En önemsediği sofra birliğiydi. Derdi ki; 'İnsanların 24 saat içinde yapacakları çok işleri oluyor ama 1 saatlerini ailelerine ayırıp sofra başında bir araya gelmeleri lazım. Çocuklarınız sizi tanısın, siz çocuklarınızı tanıyın. Yoksa zaman geçiyor ve birbirinize tamamıyla yabancılaşıyorsunuz, birbirinizi anlamıyorsunuz. O hale gelmemek lazım.' Hep bize arkadaş olmaya çalıştı. Babam bize bir şey söylediğinde ya da biz bir şey istediğimizde onu tartışarak hallederdik. Erdal ağabeyim fizikçi olmak istedi, Ömer ağabeyim mühendis olmak istedi, ben de Metin Toker'le evlenmek istedim. Bu konularda babam bizi hep serbest bıraktı.

"Yine oruç tutulur, namaz kılınır"

Toker, sözlerinin devamında hem annesinin hem babasının geleneklerine bağlı olarak yetiştiğini söyledi. "Babamı kaybettiğimizden beri her sene mevlitler okunur. Yine oruç tutulur, namaz kılınır" diyen Toker, şunları kaydetti:

Kendimden bahsetmek istemem ama dini vazifelerimi kendime göre yaparım. İnancımız tamamdır. Şimdi söylüyorum artık bu duyuldu: Babamın yatak odasında, yatağının üzerinde Türkçe 'Allah'ın dediği olur' yazılıydı. Ben doğduğum zaman o odada ilk o yazıyı gördüm.

Babamı o odada kaybettik, o da en son o yazıyı gördü: 'Allah'ın dediği olur.' Ama hiçbir zaman dini siyasete veya çıkarlarına alet etmedi.

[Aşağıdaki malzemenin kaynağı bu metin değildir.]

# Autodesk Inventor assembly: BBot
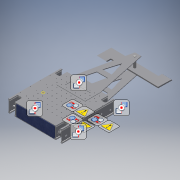
[picture p0: Inventor's stored thumbnail of the model, 180x180]
Saved by Autodesk Inventor 2017 (Build 210142000, 142)
## iProperties
Created: 2016-10-21
Part Number: BBot
Document SubType Name: Assembly
Designer: aesen
Author: aesen
## Documents named in this file (13)
- C:\Users\aesen\Design\for assambly\BBot.iam
- C:\Users\aesen\Design\for assambly\1021topDT.ipt
- C:\Users\aesen\Design\for assambly\1021sidemotor.ipt
- C:\Users\aesen\Design\updated drive train\gearsystem1.iam
- C:\Users\aesen\Design\updated drive train\gearsystem2.iam
- C:\Users\aesen\Design\updated drive train\gearsystem3.iam
- C:\Users\aesen\Design\for assambly\1021sidenomotorN.ipt
- C:\Users\aesen\Design\for assambly\1021TopP.ipt
- C:\Users\aesen\Design\for assambly\W1support.ipt
- C:\Users\aesen\Design\for assambly\Blunt_Blade.ipt
- C:\Users\aesen\Design\for assambly\BBot\Design Accelerator\Shaft1.iam
- C:\Users\aesen\Design\for assambly\backpanel.ipt
- C:\Users\aesen\Design\for assambly\frontpannel.ipt
## Components (26 placed, 12 different names)
1. 1021topDT:7 — Mate:5, Mate:6, Mate:12, Mate:13, Mate:14
2. 1021topDT:8 — Mate:3, Mate:4, Mate:7, Mate:8, Mate:17, Mate:18
3. gearsystem3:1 [sub-assembly] — Insert:2, Insert:3, Rotation:2, Rotation:3, Rotation:11
4. gearsystem3:2 [sub-assembly] — Insert:6, Insert:7, Rotation:6, Rotation:7
5. gearsystem2:1 [sub-assembly] — Insert:3, Insert:4, Rotation:3, Rotation:4
6. gearsystem2:2 [sub-assembly] — Insert:5, Insert:6, Rotation:7, Rotation:8
7. gearsystem2:3 [sub-assembly] — Insert:1, Insert:2, Rotation:1, Rotation:2
8. gearsystem2:4 [sub-assembly] — Insert:7, Insert:8, Rotation:5, Rotation:6
9. gearsystem1:1 [sub-assembly] — Insert:1, Rotation:1
10. gearsystem1:2 [sub-assembly] — Insert:8, Rotation:5
11. gearsystem1:3 [sub-assembly] — Insert:4, Rotation:4
12. gearsystem1:4 [sub-assembly] — Insert:5, Rotation:8, Rotation:12
13. 1021topDT:9 — Mate:1, Mate:2, Mate:15, Mate:16
14. 1021sidenomotorN:1 — Mate:1, Mate:2, Mate:5, Mate:6, Mate:14, Rotation:12
15. 1021sidenomotorN:2 — Mate:3, Mate:4, Mate:9, Mate:10, Rotation:11
16. 1021topDT:10 — Mate:9, Mate:10, Mate:11, Mate:19, Mate:20
17. 1021sidemotor:1 — Mate:7, Mate:8, Mate:11
18. 1021sidemotor:2 — Mate:12, Mate:13
19. W1support:1 — Rotation:13, Insert:10
20. W1support:2 — Rotation:14, Rotation:15
21. 1021TopP:1 — Mate:15, Mate:16, Mate:17, Mate:18, Rotation:14, Rotation:15, Flush:1, Flush:2, Flush:3, Flush:5, Flush:6, Flush:8, Mate:21
22. 1021TopP:2 — Mate:19, Mate:20, Rotation:13, Flush:4, Flush:7
23. Blunt_Blade:1 — Insert:9
24. Shaft:1 [sub-assembly] — Insert:9, Insert:10
25. backpanel:1 — Flush:1, Flush:2, Flush:3, Flush:4
26. frontpannel:1 — Flush:5, Flush:6, Flush:7, Flush:8, Mate:21
## Relationships (52: Mate 21, RelateRotation 13, Insert 10, Flush 8)
- Insert:1 (-38.1 mm): gearsystem2:3 ↔ gearsystem1:1
- Insert:2 (-38.1 mm): gearsystem3:1 ↔ gearsystem2:3
- Insert:3 (-38.1 mm): gearsystem3:1 ↔ gearsystem2:1
- Insert:4 (-27.94 mm): gearsystem2:1 ↔ gearsystem1:3
- Insert:5 (-38.1 mm): gearsystem2:2 ↔ gearsystem1:4
- Insert:6 (-38.1 mm): gearsystem3:2 ↔ gearsystem2:2
- Insert:7 (-38.1 mm): gearsystem3:2 ↔ gearsystem2:4
- Insert:8 (-38.1 mm): gearsystem2:4 ↔ gearsystem1:2
- Rotation:1 [RelateRotation] (1 ul): gearsystem2:3 ↔ gearsystem1:1
- Rotation:2 [RelateRotation] (1 ul): gearsystem3:1 ↔ gearsystem2:3
- Rotation:3 [RelateRotation] (1 ul): gearsystem3:1 ↔ gearsystem2:1
- Rotation:4 [RelateRotation] (1 ul): gearsystem2:1 ↔ gearsystem1:3
- Rotation:5 [RelateRotation] (1 ul): gearsystem2:4 ↔ gearsystem1:2
- Rotation:6 [RelateRotation] (1 ul): gearsystem3:2 ↔ gearsystem2:4
- Rotation:7 [RelateRotation] (1 ul): gearsystem3:2 ↔ gearsystem2:2
- Rotation:8 [RelateRotation] (1 ul): gearsystem2:2 ↔ gearsystem1:4
- Mate:1: 1021topDT:9 ↔ 1021sidenomotorN:1
- Mate:2: 1021topDT:9 ↔ 1021sidenomotorN:1
- Mate:3: 1021topDT:8 ↔ 1021sidenomotorN:2
- Mate:4: 1021topDT:8 ↔ 1021sidenomotorN:2
- Mate:5: 1021topDT:7 ↔ 1021sidenomotorN:1
- Mate:6: 1021topDT:7 ↔ 1021sidenomotorN:1
- Mate:7: 1021topDT:8 ↔ 1021sidemotor:1
- Mate:8: 1021topDT:8 ↔ 1021sidemotor:1
- Mate:9: 1021sidenomotorN:2 ↔ 1021topDT:10
- Mate:10: 1021sidenomotorN:2 ↔ 1021topDT:10
- Mate:11: 1021topDT:10 ↔ 1021sidemotor:1
- Mate:12: 1021topDT:7 ↔ 1021sidemotor:2
- Mate:13: 1021topDT:7 ↔ 1021sidemotor:2
- Mate:14: 1021topDT:7 ↔ 1021sidenomotorN:1
- Rotation:11 [RelateRotation] (1 ul): gearsystem3:1 ↔ 1021sidenomotorN:2
- Rotation:12 [RelateRotation] (1 ul): gearsystem1:4 ↔ 1021sidenomotorN:1
- Mate:15: 1021topDT:9 ↔ 1021TopP:1
- Mate:16: 1021topDT:9 ↔ 1021TopP:1
- Mate:17: 1021topDT:8 ↔ 1021TopP:1
- Mate:18: 1021topDT:8 ↔ 1021TopP:1
- Mate:19: 1021topDT:10 ↔ 1021TopP:2
- Mate:20: 1021topDT:10 ↔ 1021TopP:2
- Rotation:13 [RelateRotation] (1 ul): W1support:1 ↔ 1021TopP:2
- Rotation:14 [RelateRotation] (1 ul): W1support:2 ↔ 1021TopP:1
- Rotation:15 [RelateRotation]: W1support:2 ↔ 1021TopP:1
- Insert:9 (-114.3 mm): Blunt_Blade:1 ↔ Shaft:1
- Insert:10 (-10.16 mm): W1support:1 ↔ Shaft:1
- Flush:1: 1021TopP:1 ↔ backpanel:1
- Flush:2: 1021TopP:1 ↔ backpanel:1
- Flush:3: 1021TopP:1 ↔ backpanel:1
- Flush:4: 1021TopP:2 ↔ backpanel:1
- Flush:5: 1021TopP:1 ↔ frontpannel:1
- Flush:6: 1021TopP:1 ↔ frontpannel:1
- Flush:7: 1021TopP:2 ↔ frontpannel:1
- Flush:8: 1021TopP:1 ↔ frontpannel:1
- Mate:21: 1021TopP:1 ↔ frontpannel:1

Sadece babam değil, o kuşak bu konuda çok hassastı. Dininden kopmadılar ama dini alet olarak kullanmadılar. En büyük günah dini siyasete alet etmek değil midir?

"Eksiklikleri, yanlışlıkları çok iyi görmüşler"

Cumhuriyet'in ilk kuşağı Osmanlı'nın son kuşağıdır. Hem çok iyi eğitim almışlar, hem de yaşam içinde idaredeki eksiklikleri, yanlışlıkları çok iyi görmüşler. İşte bunun için aydınlanma devrimlerini yaptılar.
Babam muhalefete geçtiğinde bugün duyduğumuz eleştiri ve hatta iftiralara gereken cevapları çok güzel verdi. Gerçeği eminim ki onlar da biliyorlar, bile bile söylüyorlar. Niye? Seçmenlerini kandırmak için. Bizim yapmamız icap eden şey doğrusunu anlatmak. Ben politika yapmıyorum. İnönü Vakfı'ndaki arkadaşlarımla birlikte Atatürk'ün, devrimlerin, Cumhuriyet'in ne olduğunu anlatmaya çalışıyorum. Siz gazetelerinizde aynı şeyleri yapmaya çalışıyorsunuz. Beni en sevindiren ise bilinçli ve duyarlı yurttaşlarımızın gereken cevapları en iyi şekilde veriyor olması.